The string check above sees only the declared path. It cannot see a symlink that was pre-planted in the target's parent chain. So on a local target, LocalTransport.write(..., confine_config=True) re-checks the resolved path (os.path.realpath, every symlink followed) before writing:

  • the resolved target must still be under an allowed root (catches /etc/x/ redirecting the write out of bounds);
  • the resolved target must still not be on/under a denied path (catches /etc/alias/etc/sudoers.d, a string-benign path that resolves into the denylist).

The roots and denylist prefixes are themselves realpath'd for the comparison, so a symlinked sandbox root (macOS /tmp/private/tmp) compares consistently.

Applies to both, fail-closed, exit 1

Confinement runs at the kernel write boundary — cli._check_config_paths, the single chokepoint every config write passes — over the combined list of generator output and raw configFiles. No recipe and no stack can opt out. It is fail-closed: the check runs before any byte is written, and a violation raises ConfigPathError, which the deploy command catches and turns into a located error: on stderr with exit code 1.

$ punix service deploy PwnStack --file stack.pcl
error: refusing to write config file '/etc/sudoers.d/00-pwn': a privilege-escalation path (sudoers/ssh/pam/cron/passwd/ld.so/…)
$ echo $?
1

Accepted vs refused

Path Verdict Why
/etc/openbao/openbao.hcl accept under /etc, not denied
/srv/www/index.html accept under /srv (static web root)
/etc/nginx/conf.d/app.conf accept unless it collides with a generated vhost
/etc/sudoers.d/00-pwn refuse denylist (sudo grant)
/root/.ssh/authorized_keys refuse outside the allowed roots
/etc/ld.so.preload refuse denylist (loader RCE)
/etc/nginx/conf.d/../../sudoers.d/x refuse .. component (valid_abs_path)
/etc/nginx/conf.d/./app.conf aliasing a std.* vhost refuse normalized collision with the generated file

Honest residual / limitations

This is defense-in-depth, not a hermetic boundary. Three limits are deliberate and documented:

  • SSH symlink TOCTOU is the v1 residual. SshTransport.write accepts confine_config but does not enforce a remote realpath re-check: even a remote check still leaves a window between the check and the mv where a pre-planted symlink can redirect the write. Closing it needs O_NOFOLLOW-relative writes, which is deferred (ADR-026 / spec R4: "not required for v1"). The string-level confinement at the chokepoint still runs for SSH deploys; only the realpath re-check is local-only.
  • The denylist is inherently incomplete. It enumerates known privesc paths and must be extended as new ones surface (polkit, systemd generator dirs, …). It is defense-in-depth narrowing the broad /etc root, not the sole gate — the root allowlist is what bounds the blast radius.
  • Case-sensitive by design. Matching does not fold case; this is correct for the Linux target and would be wrong for a case-insensitive filesystem.

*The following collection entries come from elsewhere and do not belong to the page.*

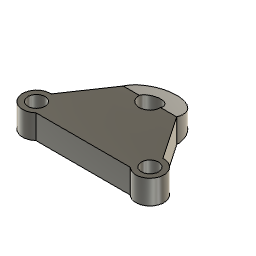
Vernier Camera Mount v4 (Autodesk Fusion 360 design; units mm, degrees)
Autodesk Fusion 360 part; units mm, degrees
sketch "Main Base" plane through (0, 0, 0) normal (0, 0, 1) x (1, 0, 0) in component "Camera Mount"
  circle A0 centre (0, 0) radius 2
  arc A1 (10, 0) -> (-10, 0) centre (0, 0) ccw
  line L0 (-10, 0) -> (-10, -25)
  line L1 (-10, -25) -> (10, -25)
  line L2 (10, -25) -> (10, 0)
  line L3 (10, -20) -> (-10, -20)
  circle A2 centre (0, 0) radius 4
  dimension "d1" = 4
  constraint coincident A0.centre A1.centre
  constraint tangent A1 L0
  constraint vertical L0
  constraint perpendicular L0 L1
  constraint tangent A1 L2
  constraint coincident L2 L3.start
  constraint coincident L0 L3.end
  constraint perpendicular L0 L3
  constraint concentric A0 A2
  measures "d1" diameter of A0
extrude "Extrude1" add sketch "Main Base" along normal blind 2 contours A2 in component "Camera Mount"
extrude "Extrude2" add sketch "Main Base" along normal blind 5 contours A1 L0 L2 L3 | L0 L1 L2 L3 in component "Camera Mount"
sketch "Constraints" plane through (0, 0, 0) normal (1, 0, 0) x (0, 1, 0)
  line L0 (0, 9) -> (15, 9)
  line L1 (15, 9) -> (15, 0)
  line L2 (15, 0) -> (0, 0)
  line L3 (0, 0) -> (-25, 0)
  line L4 (-25, 0) -> (-25, 4)
  line L5 (-25, 4) -> (-55, 4)
  line L6 (-55, 4) -> (-55, 74)
  line L7 (0, 9) -> (-20, 9)
  line L8 (-20, 9) -> (-20, 74)
  dimension "d8" = 9
  dimension "d9" = 25
  constraint coincident L2.end L3.start
  constraint perpendicular L0 L1
  constraint perpendicular L3 L4
  constraint perpendicular L4 L5
  constraint perpendicular L5 L6
  constraint perpendicular L0 L8
  measures "d8" distance of L2.end L0.start
  measures "d9" distance of L2.end L3.end
sketch "Support Legs" plane through (0, 0, 0) normal (0, 0, 1) x (1, 0, 0) in component "Camera Mount"
  line L0 (20, -25) -> (-20, -25)
  line L1 (-20, -25) -> (-20, -45)
  line L2 (20, -25) -> (20, -45)
  line L3 (10, -20) -> (-10, -20)
  line L4 (-10, -20) -> (-25, -20)
  line L5 (-25, -20) -> (-25, -45)
  line L6 (-25, -45) -> (-20, -45)
  line L7 (20, -45) -> (25, -45)
  line L8 (25, -45) -> (25, -20)
  line L9 (25, -20) -> (10, -20)
  constraint perpendicular L0 L1
  constraint perpendicular L0 L2
  constraint perpendicular L3 L5
  constraint perpendicular L1 L6
  constraint perpendicular L2 L7
  constraint perpendicular L7 L8
  constraint perpendicular L8 L9
extrude "Extrude4" add sketch "Support Legs" along normal blind 5 in component "Camera Mount"
chamfer "Chamfer1" distance 15 angle 45 2 edges at (-10, -20, 2.5) (10, -20, 2.5) in component "Camera Mount"
extrude "Extrude6" cut 2 faces at (-23.3333, -45, 1.6667) (21.6667, -45, 1.6667) along direction (0, 1, 0) blind 20 in component "Camera Mount"
sketch "Rod Inclusion" plane through (0, 0, 0) normal (0, 0, 1) x (1, 0, 0) in component "Camera Mount"
  circle A0 centre (0, 0) radius 2
  circle A1 centre (-21.2132, -21.2132) radius 3.2
  circle A2 centre (21.2132, -21.2132) radius 3.2
  circle A3 centre (-21.2132, -21.2132) radius 4.7
  circle A4 centre (21.2132, -21.2132) radius 4.7
  line L0 (0, -25) -> (18.4293, -25)
  line L1 (0, -25) -> (-18.4293, -25)
  arc A5 (10, 0) -> (-10, 0) centre (0, 0) ccw
  line L2 (-21.2132, -16.5132) -> (-10, 0)
  line L3 (10, 0) -> (21.2132, -16.5132)
  dimension "d24" = 4
  dimension "d25" = 30
  dimension "d26" = 30
  dimension "d27" = 6.4
  dimension "d28" = 6.4
  dimension "d29" = 9.4
  dimension "d30" = 9.4
  constraint coincident A0.centre A5.centre
  constraint concentric A1 A3
  constraint concentric A2 A4
  constraint coincident A4 L0.end
  constraint coincident A3 L1.end
  constraint coincident A3 L2.start
  constraint coincident A4 L3.end
  measures "d24" diameter of A0
  measures "d25" distance of A0.centre A2.centre
  measures "d26" distance of A0.centre A1.centre
  measures "d27" diameter of A1
  measures "d28" diameter of A2
  measures "d29" diameter of A3
  measures "d30" diameter of A4
extrude "Extrude7" cut 1 faces at (-0.0996, -17.9963, 5) along direction (0, 0, -1) blind 15 in component "Camera Mount"
extrude "Extrude8" cut 1 faces at (3.311, -0.2981, 2) along direction (0, 0, -1) blind 6 in component "Camera Mount"
extrude "Extrude9" add sketch "Rod Inclusion" along normal blind 9 in component "Camera Mount"
extrude "Extrude10" cut sketch "Main Base" along normal blind 11 from surface at 2 contours A2 in component "Camera Mount"
sketch "Sketch7" plane through (0, 0, 0) normal (0, 0, 1) x (1, 0, 0) in component "Camera Mount"
  line L0 (0, -20) -> (0, 20)
  circle A0 centre (0, 20) radius 40
  constraint vertical L0
  constraint coincident L0.end A0.centre
  constraint coincident L0.start A0
sketch "Sketch8" plane through (0, 0, 0) normal (0, 0, 1) x (1, 0, 0) in component "Camera Mount"
  line L0 (-21.2, -21.2) -> (0.0132, -42.4132)
  line L1 (-21.2, -21.2) -> (8.8, -21.2) construction
  line L2 (0, -25) -> (0.0132, -42.4132)
  dimension "d40" = 45
  dimension "d41" = 30
  constraint horizontal L1
  measures "d40" angle of L0 L1
  measures "d41" distance of L0.start L0.end
sketch "Sketch3" plane through (0, 0, 0) normal (1, 0, 0) x (0, 1, 0)
  line L0 (10, 9) -> (10, 6)
  line L1 (10, 6) -> (0, 9)
  line L2 (0, 9) -> (10, 9)
  constraint vertical L0
  constraint perpendicular L0 L2
extrude "Extrude11" cut sketch "Sketch3" along normal mid plane 50 in component "Camera Mount"
sketch "Sketch4" plane through (0, 0, 9) normal (0, 0, 1) x (-1, 0, 0)
  line L0 (4, 0) -> (10, 0)
  line L1 (10, 0) -> (21.2132, 16.5132)
  arc A0 (21.2132, 16.5132) -> (18.4293, 25) centre (21.2132, 21.2132) ccw
  line L2 (18.4293, 25) -> (-18.4293, 25)
  arc A1 (-18.4293, 25) -> (-21.2132, 16.5132) centre (-21.2132, 21.2132) ccw
  line L3 (-21.2132, 16.5132) -> (-10, 0)
  line L4 (-10, 0) -> (-4, 0)
  arc A2 (4, 0) -> (-4, 0) centre (0, 0) ccw
  circle A3 centre (-21.2132, 21.2132) radius 3.2
  circle A4 centre (21.2132, 21.2132) radius 3.2
  circle A5 centre (-21.2132, 21.2132) radius 5.2
  circle A6 centre (21.2132, 21.2132) radius 5.2
  circle A7 centre (-21.2132, 21.2132) radius 3.2
  circle A8 centre (21.2132, 21.2132) radius 3.2
  dimension "d44" = 10.4
  dimension "d45" = 10.4
  constraint concentric A1 A5
  constraint concentric A0 A6
  constraint concentric A1 A7
  constraint concentric A6 A8
  measures "d44" diameter of A5
  measures "d45" diameter of A6
extrude "Extrude12" add sketch "Sketch4" against normal blind 9 contours L1 A0 L2 A6 | L1 A0 L2 A6 | L2 A1 L3 A5 | L2 A1 L3 A5 in component "Camera Mount"
sketch "Sketch5" plane through (0, 0, 0) normal (0, 0, 1) x (1, 0, 0)
component "Camera Mount" placed x (1, 0, 0) y (0, 1, 0) z (0, 0, 1) at (0, 0, 0)

A stack author who can declare configFiles is already trusted to deploy as root on that host. Confinement raises the bar against accidents and contains the eventual out-of-tree-recipe case; it is not a privilege boundary the in-tree author was ever on the wrong side of.

Where in the code

  • src/punix/deploy/validate.pyCONFIG_ROOTS, CONFIG_DENY, confined_config_path (the reason-or-None chokepoint), config_path_under (the shared component-aware matcher), ConfigPathError.
  • src/punix/cli.py_check_config_paths (the chokepoint: confine + de-collide on normpath).
  • src/punix/deploy/transport.pyLocalTransport._confine_realpath (the local realpath re-check); SshTransport.write (accepts, defers — the TOCTOU residual).
  • Stacks: configFiles — the field this gate guards.
  • Web & config generators — the validate-twice injection guard (the directive-layer sibling).
  • Secrets at deploy — why a 0600 secret-bearing config file's bytes never enter the manifest.
  • ADR-026 — the policy decision (Option A: allowlisted roots + privesc denylist).